Unified Removal of Raindrops and Reflections: A New Benchmark and A Novel Pipeline
This addresses a practical issue for applications like autonomous driving or photography where image clarity through windows in rainy conditions is crucial, representing a novel task definition rather than an incremental improvement.
The paper tackles the problem of removing both raindrops and reflections from images captured through glass surfaces, a composite degradation previously unaddressed, and proposes a diffusion-based framework that achieves state-of-the-art performance on a new real-shot benchmark and in-the-wild images.

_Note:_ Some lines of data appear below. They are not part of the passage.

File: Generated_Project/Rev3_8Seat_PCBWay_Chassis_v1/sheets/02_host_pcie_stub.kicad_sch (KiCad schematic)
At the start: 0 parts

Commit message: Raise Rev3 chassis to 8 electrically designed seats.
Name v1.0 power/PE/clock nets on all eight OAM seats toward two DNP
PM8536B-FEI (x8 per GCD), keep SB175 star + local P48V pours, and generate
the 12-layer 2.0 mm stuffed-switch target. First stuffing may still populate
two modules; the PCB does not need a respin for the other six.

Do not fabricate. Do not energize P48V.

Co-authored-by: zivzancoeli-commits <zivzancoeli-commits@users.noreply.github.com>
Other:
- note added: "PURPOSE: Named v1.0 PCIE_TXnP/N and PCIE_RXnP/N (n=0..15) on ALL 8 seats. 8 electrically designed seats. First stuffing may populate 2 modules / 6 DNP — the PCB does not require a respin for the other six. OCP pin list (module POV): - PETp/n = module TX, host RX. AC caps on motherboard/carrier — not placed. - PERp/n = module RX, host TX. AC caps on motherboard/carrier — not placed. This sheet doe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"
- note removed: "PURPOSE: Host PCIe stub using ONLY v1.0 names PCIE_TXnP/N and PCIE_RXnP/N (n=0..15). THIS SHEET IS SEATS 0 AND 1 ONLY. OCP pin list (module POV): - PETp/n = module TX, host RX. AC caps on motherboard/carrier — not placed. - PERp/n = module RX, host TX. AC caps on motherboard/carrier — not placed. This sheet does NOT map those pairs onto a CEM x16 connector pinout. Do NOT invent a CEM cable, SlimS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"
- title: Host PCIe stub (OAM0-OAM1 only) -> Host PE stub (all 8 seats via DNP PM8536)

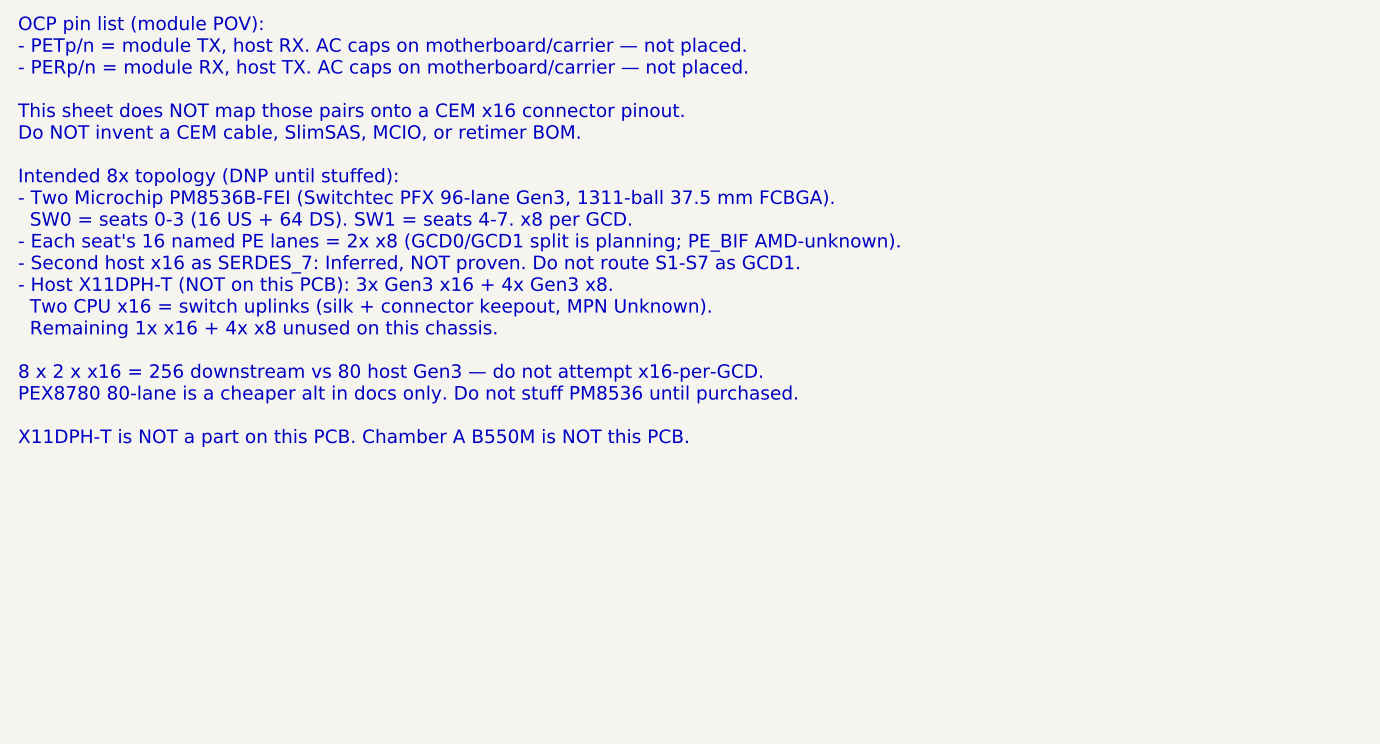
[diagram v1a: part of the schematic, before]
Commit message: Label PEX8780-AB80BI G as the only switch CANDIDATE (DNP).
Keepout is one 35 mm 1156-FCBGA for 8x x8 Gen3 plus one x16 host uplink.
Do not invent a second MPN. Do not stuff. 8-layer is likely if this BGA
is ever assembled; PCBWay 1156-FCBGA attach remains Unknown.

Still do not fabricate or energize P48V. No xGMI, no CEM.

Co-authored-by: zivzancoeli-commits <zivzancoeli-commits@users.noreply.github.com>
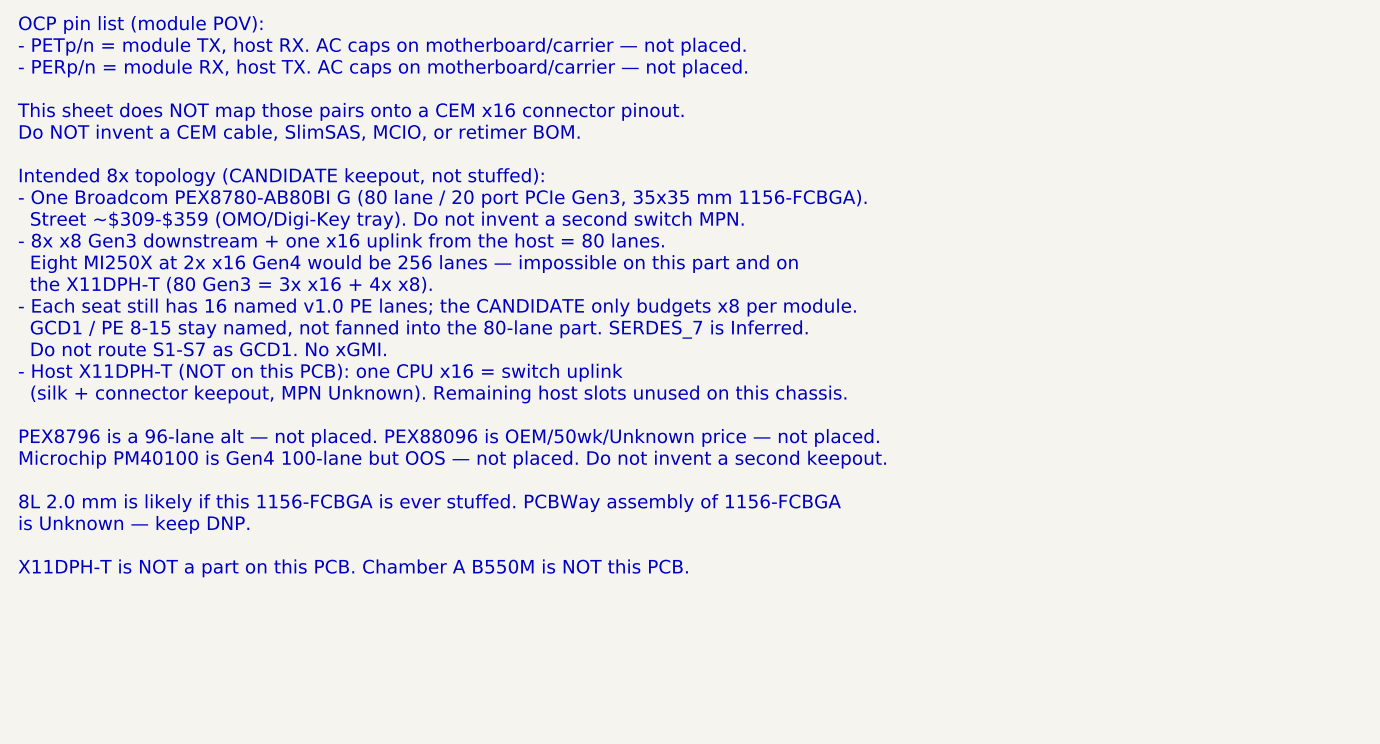
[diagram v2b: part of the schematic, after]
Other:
- title: Host PE stub (all 8 seats via DNP PM8536) -> Host PE stub (all 8 seats via PEX8780 CANDIDATE)
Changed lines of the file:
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@@
 	(paper "A3")
 	(title_block
-		(title "Host PE stub (all 8 seats via DNP PM8536)")
+		(title "Host PE stub (all 8 seats via PEX8780 CANDIDATE)")
 		(date "2026-08-21")
 		(rev "Rev3_8Seat_PCBWay_v1")
@@
         (comment 4 "r2.0 UNUSABLE. P3V3=Conn0 C1/C2. 12L 2.0mm stuffed-switch TARGET. Star-fed P48V.")
 	)
-	(text "PURPOSE: Named v1.0 PCIE_TXnP/N and PCIE_RXnP/N (n=0..15) on ALL 8 seats.\n\n8 electrically designed seats. First stuffing may populate 2 modules / 6 DNP —\nthe PCB does not require a respin for the other six.\n\nOCP pin list (module POV):\n- PETp/n = module TX, host RX. AC caps on motherboard/carrier — not placed.\n- PERp/n = module RX, host TX. AC caps on motherboard/carrier — not placed.\n\nThis sheet does NOT map those pairs onto a CEM x16 connector pinout.\nDo NOT invent a CEM cable, SlimSAS, MCIO, or retimer BOM.\n\nIntended 8x topology (DNP until stuffed):\n- Two Microchip PM8536B-FEI (Switchtec PFX 96-lane Gen3, 1311-ball 37.5 mm FCBGA).\n  SW0 = seats 0-3 (16 US + 64 DS). SW1 = seats 4-7. x8 per GCD.\n- Each seat's 16 named PE lanes = 2x x8 (GCD0/GCD1 split is planning; PE_BIF AMD-unknown).\n- Second host x16 as SERDES_7: Inferred, NOT proven. Do not route S1-S7 as GCD1.\n- Host X11DPH-T (NOT on this PCB): 3x Gen3 x16 + 4x Gen3 x8.\n  Two CPU x16 = switch uplinks (silk + connector keepout, MPN Unknown).\n  Remaining 1x x16 + 4x x8 unused on this chassis.\n\n8 x 2 x x16 = 256 downstream vs 80 host Gen3 — do not attempt x16-per-GCD.\nPEX8780 80-lane is a cheaper alt in docs only. Do not stuff PM8536 until purchased.\n\nX11DPH-T is NOT a part on this PCB. Chamber A B550M is NOT this PCB.\n"
+	(text "PURPOSE: Named v1.0 PCIE_TXnP/N and PCIE_RXnP/N (n=0..15) on ALL 8 seats.\n\n8 electrically designed seats. First stuffing may populate 2 modules / 6 DNP —\nthe PCB does not require a respin for the other six.\n\nOCP pin list (module POV):\n- PETp/n = module TX, host RX. AC caps on motherboard/carrier — not placed.\n- PERp/n = module RX, host TX. AC caps on motherboard/carrier — not placed.\n\nThis sheet does NOT map those pairs onto a CEM x16 connector pinout.\nDo NOT invent a CEM cable, SlimSAS, MCIO, or retimer BOM.\n\nIntended 8x topology (CANDIDATE keepout, not stuffed):\n- One Broadcom PEX8780-AB80BI G (80 lane / 20 port PCIe Gen3, 35x35 mm 1156-FCBGA).\n  Street ~$309-$359 (OMO/Digi-Key tray). Do not invent a second switch MPN.\n- 8x x8 Gen3 downstream + one x16 uplink from the host = 80 lanes.\n  Eight MI250X at 2x x16 Gen4 would be 256 lanes — impossible on this part and on\n  the X11DPH-T (80 Gen3 = 3x x16 + 4x x8).\n- Each seat still has 16 named v1.0 PE lanes; the CANDIDATE only budgets x8 per module.\n  GCD1 / PE 8-15 stay named, not fanned into the 80-lane part. SERDES_7 is Inferred.\n  Do not route S1-S7 as GCD1. No xGMI.\n- Host X11DPH-T (NOT on this PCB): one CPU x16 = switch uplink\n  (silk + connector keepout, MPN Unknown). Remaining host slots unused on this chassis.\n\nPEX8796 is a 96-lane alt — not placed. PEX88096 is OEM/50wk/Unknown price — not placed.\nMicrochip PM40100 is Gen4 100-lane but OOS — not placed. Do not invent a second keepout.\n\n8L 2.0 mm is likely if this 1156-FCBGA is ever stuffed. PCBWay assembly of 1156-FCBGA\nis Unknown — keep DNP.\n\nX11DPH-T is NOT a part on this PCB. Chamber A B550M is NOT this PCB.\n"
 		(exclude_from_sim no)
 		(at 20.32 20.32 0)

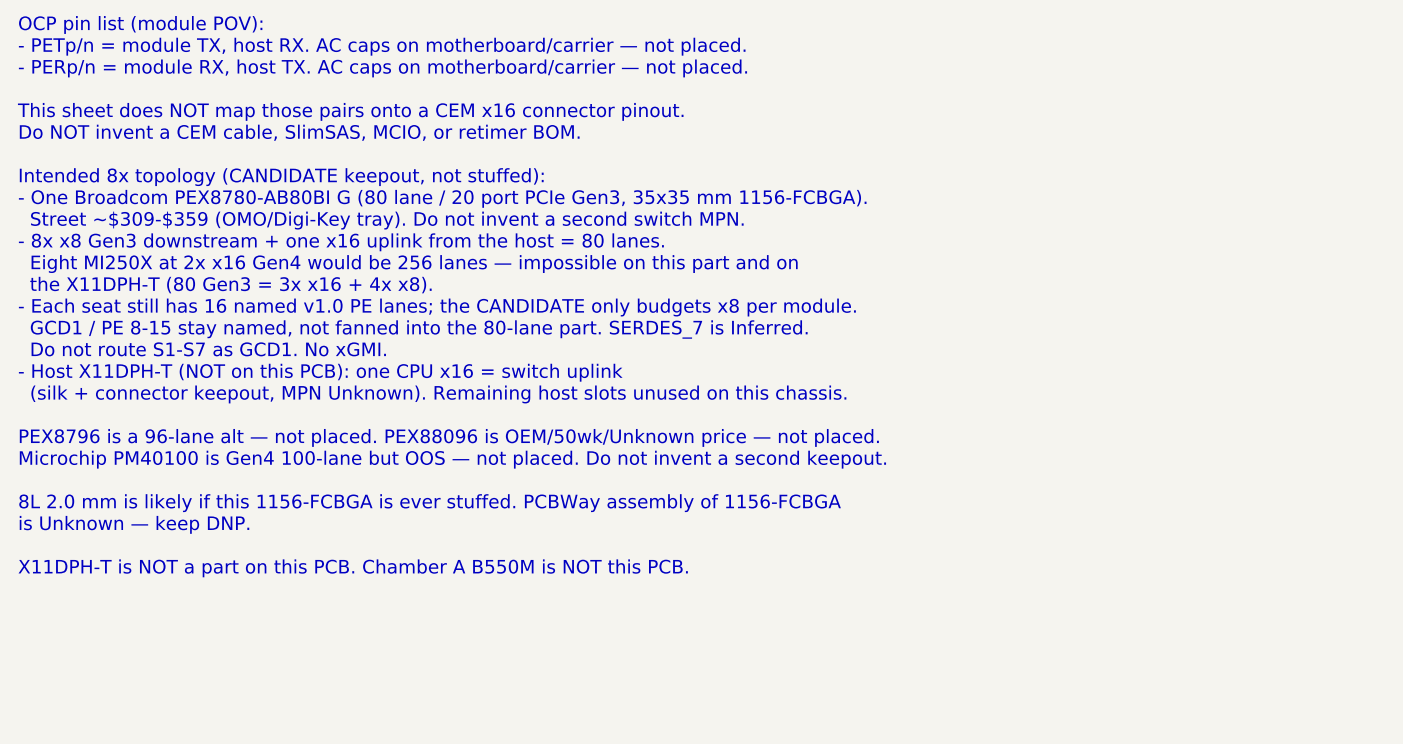
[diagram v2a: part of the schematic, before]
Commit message: Make PM8536B-FEI the PRIMARY switch keepout (DNP x2).
Two 37.5 mm 1311-FCBGA courtyards, x8 per GCD (SW0 seats 0-3, SW1 4-7),
two CPU x16 uplinks. PEX8780 stays a cheaper 80-lane alt in docs only.
GCD1 = SERDES_7 remains Inferred. No CEM, no xGMI, do not fabricate.

Co-authored-by: zivzancoeli-commits <zivzancoeli-commits@users.noreply.github.com>
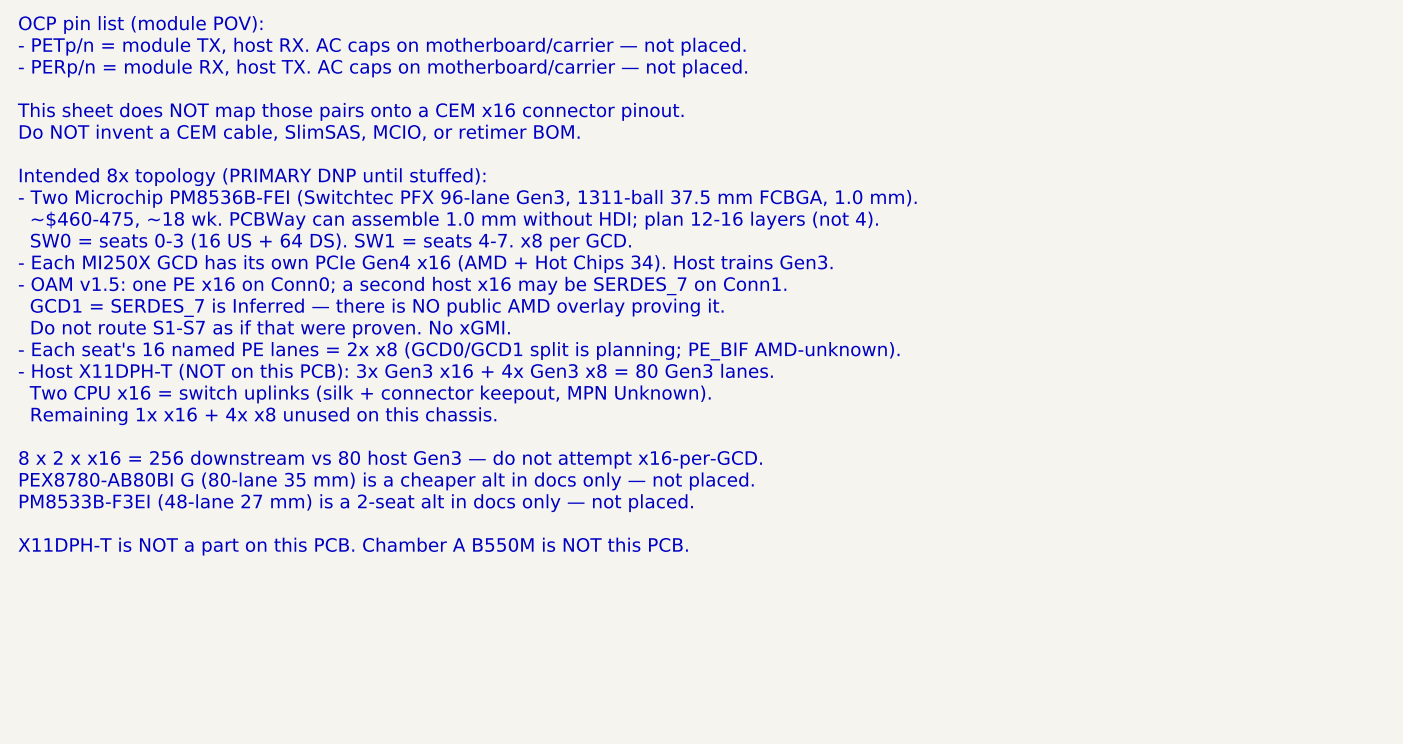
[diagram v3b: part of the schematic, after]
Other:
- title: Host PE stub (all 8 seats via PEX8780 CANDIDATE) -> Host PE stub (all 8 seats via DNP PM8536 PRIMARY)
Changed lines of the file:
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@@
 	(paper "A3")
 	(title_block
-		(title "Host PE stub (all 8 seats via PEX8780 CANDIDATE)")
+		(title "Host PE stub (all 8 seats via DNP PM8536 PRIMARY)")
 		(date "2026-08-21")
 		(rev "Rev3_8Seat_PCBWay_v1")
@@
         (comment 2 "Documentation sheet — no invented nets")
         (comment 3 "Pin names: OAM Pin map rev 1.0.xlsx — OCP generic, NOT AMD overlay")
-        (comment 4 "r2.0 UNUSABLE. P3V3=Conn0 C1/C2. 12L 2.0mm stuffed-switch TARGET. Star-fed P48V.")
+        (comment 4 "r2.0 UNUSABLE. P3V3=Conn0 C1/C2. 12L 2.0mm stuffed-switch TARGET. 2x PM8536 DNP. Star-fed P48V.")
 	)
-	(text "PURPOSE: Named v1.0 PCIE_TXnP/N and PCIE_RXnP/N (n=0..15) on ALL 8 seats.\n\n8 electrically designed seats. First stuffing may populate 2 modules / 6 DNP —\nthe PCB does not require a respin for the other six.\n\nOCP pin list (module POV):\n- PETp/n = module TX, host RX. AC caps on motherboard/carrier — not placed.\n- PERp/n = module RX, host TX. AC caps on motherboard/carrier — not placed.\n\nThis sheet does NOT map those pairs onto a CEM x16 connector pinout.\nDo NOT invent a CEM cable, SlimSAS, MCIO, or retimer BOM.\n\nIntended 8x topology (CANDIDATE keepout, not stuffed):\n- One Broadcom PEX8780-AB80BI G (80 lane / 20 port PCIe Gen3, 35x35 mm 1156-FCBGA).\n  Street ~$309-$359 (OMO/Digi-Key tray). Do not invent a second switch MPN.\n- 8x x8 Gen3 downstream + one x16 uplink from the host = 80 lanes.\n  Eight MI250X at 2x x16 Gen4 would be 256 lanes — impossible on this part and on\n  the X11DPH-T (80 Gen3 = 3x x16 + 4x x8).\n- Each seat still has 16 named v1.0 PE lanes; the CANDIDATE only budgets x8 per module.\n  GCD1 / PE 8-15 stay named, not fanned into the 80-lane part. SERDES_7 is Inferred.\n  Do not route S1-S7 as GCD1. No xGMI.\n- Host X11DPH-T (NOT on this PCB): one CPU x16 = switch uplink\n  (silk + connector keepout, MPN Unknown). Remaining host slots unused on this chassis.\n\nPEX8796 is a 96-lane alt — not placed. PEX88096 is OEM/50wk/Unknown price — not placed.\nMicrochip PM40100 is Gen4 100-lane but OOS — not placed. Do not invent a second keepout.\n\n8L 2.0 mm is likely if this 1156-FCBGA is ever stuffed. PCBWay assembly of 1156-FCBGA\nis Unknown — keep DNP.\n\nX11DPH-T is NOT a part on this PCB. Chamber A B550M is NOT this PCB.\n"
+	(text "PURPOSE: Named v1.0 PCIE_TXnP/N and PCIE_RXnP/N (n=0..15) on ALL 8 seats.\n\n8 electrically designed seats. First stuffing may populate 2 modules / 6 DNP —\nthe PCB does not require a respin for the other six.\n\nOCP pin list (module POV):\n- PETp/n = module TX, host RX. AC caps on motherboard/carrier — not placed.\n- PERp/n = module RX, host TX. AC caps on motherboard/carrier — not placed.\n\nThis sheet does NOT map those pairs onto a CEM x16 connector pinout.\nDo NOT invent a CEM cable, SlimSAS, MCIO, or retimer BOM.\n\nIntended 8x topology (PRIMARY DNP until stuffed):\n- Two Microchip PM8536B-FEI (Switchtec PFX 96-lane Gen3, 1311-ball 37.5 mm FCBGA, 1.0 mm).\n  ~$460-475, ~18 wk. PCBWay can assemble 1.0 mm without HDI; plan 12-16 layers (not 4).\n  SW0 = seats 0-3 (16 US + 64 DS). SW1 = seats 4-7. x8 per GCD.\n- Each MI250X GCD has its own PCIe Gen4 x16 (AMD + Hot Chips 34). Host trains Gen3.\n- OAM v1.5: one PE x16 on Conn0; a second host x16 may be SERDES_7 on Conn1.\n  GCD1 = SERDES_7 is Inferred — there is NO public AMD overlay proving it.\n  Do not route S1-S7 as if that were proven. No xGMI.\n- Each seat's 16 named PE lanes = 2x x8 (GCD0/GCD1 split is planning; PE_BIF AMD-unknown).\n- Host X11DPH-T (NOT on this PCB): 3x Gen3 x16 + 4x Gen3 x8 = 80 Gen3 lanes.\n  Two CPU x16 = switch uplinks (silk + connector keepout, MPN Unknown).\n  Remaining 1x x16 + 4x x8 unused on this chassis.\n\n8 x 2 x x16 = 256 downstream vs 80 host Gen3 — do not attempt x16-per-GCD.\nPEX8780-AB80BI G (80-lane 35 mm) is a cheaper alt in docs only — not placed.\nPM8533B-F3EI (48-lane 27 mm) is a 2-seat alt in docs only — not placed.\n\nX11DPH-T is NOT a part on this PCB. Chamber A B550M is NOT this PCB.\n"
 		(exclude_from_sim no)
 		(at 20.32 20.32 0)

When capturing images through glass surfaces or windshields on rainy days, raindrops and reflections frequently co-occur to significantly reduce the visibility of captured images. This practical problem lacks attention and needs to be resolved urgently. Prior de-raindrop, de-reflection, and all-in-one models have failed to address this composite degradation. To this end, we first formally define the unified removal of raindrops and reflections (UR$^3$) task for the first time and construct a real-shot dataset, namely RainDrop and ReFlection (RDRF), which provides a new benchmark with substantial, high-quality, diverse image pairs. Then, we propose a novel diffusion-based framework (i.e., DiffUR$^3$) with several target designs to address this challenging task. By leveraging the powerful generative prior, DiffUR$^3$ successfully removes both types of degradations. Extensive experiments demonstrate that our method achieves state-of-the-art performance on our benchmark and on challenging in-the-wild images. The RDRF dataset and the codes will be made public upon acceptance.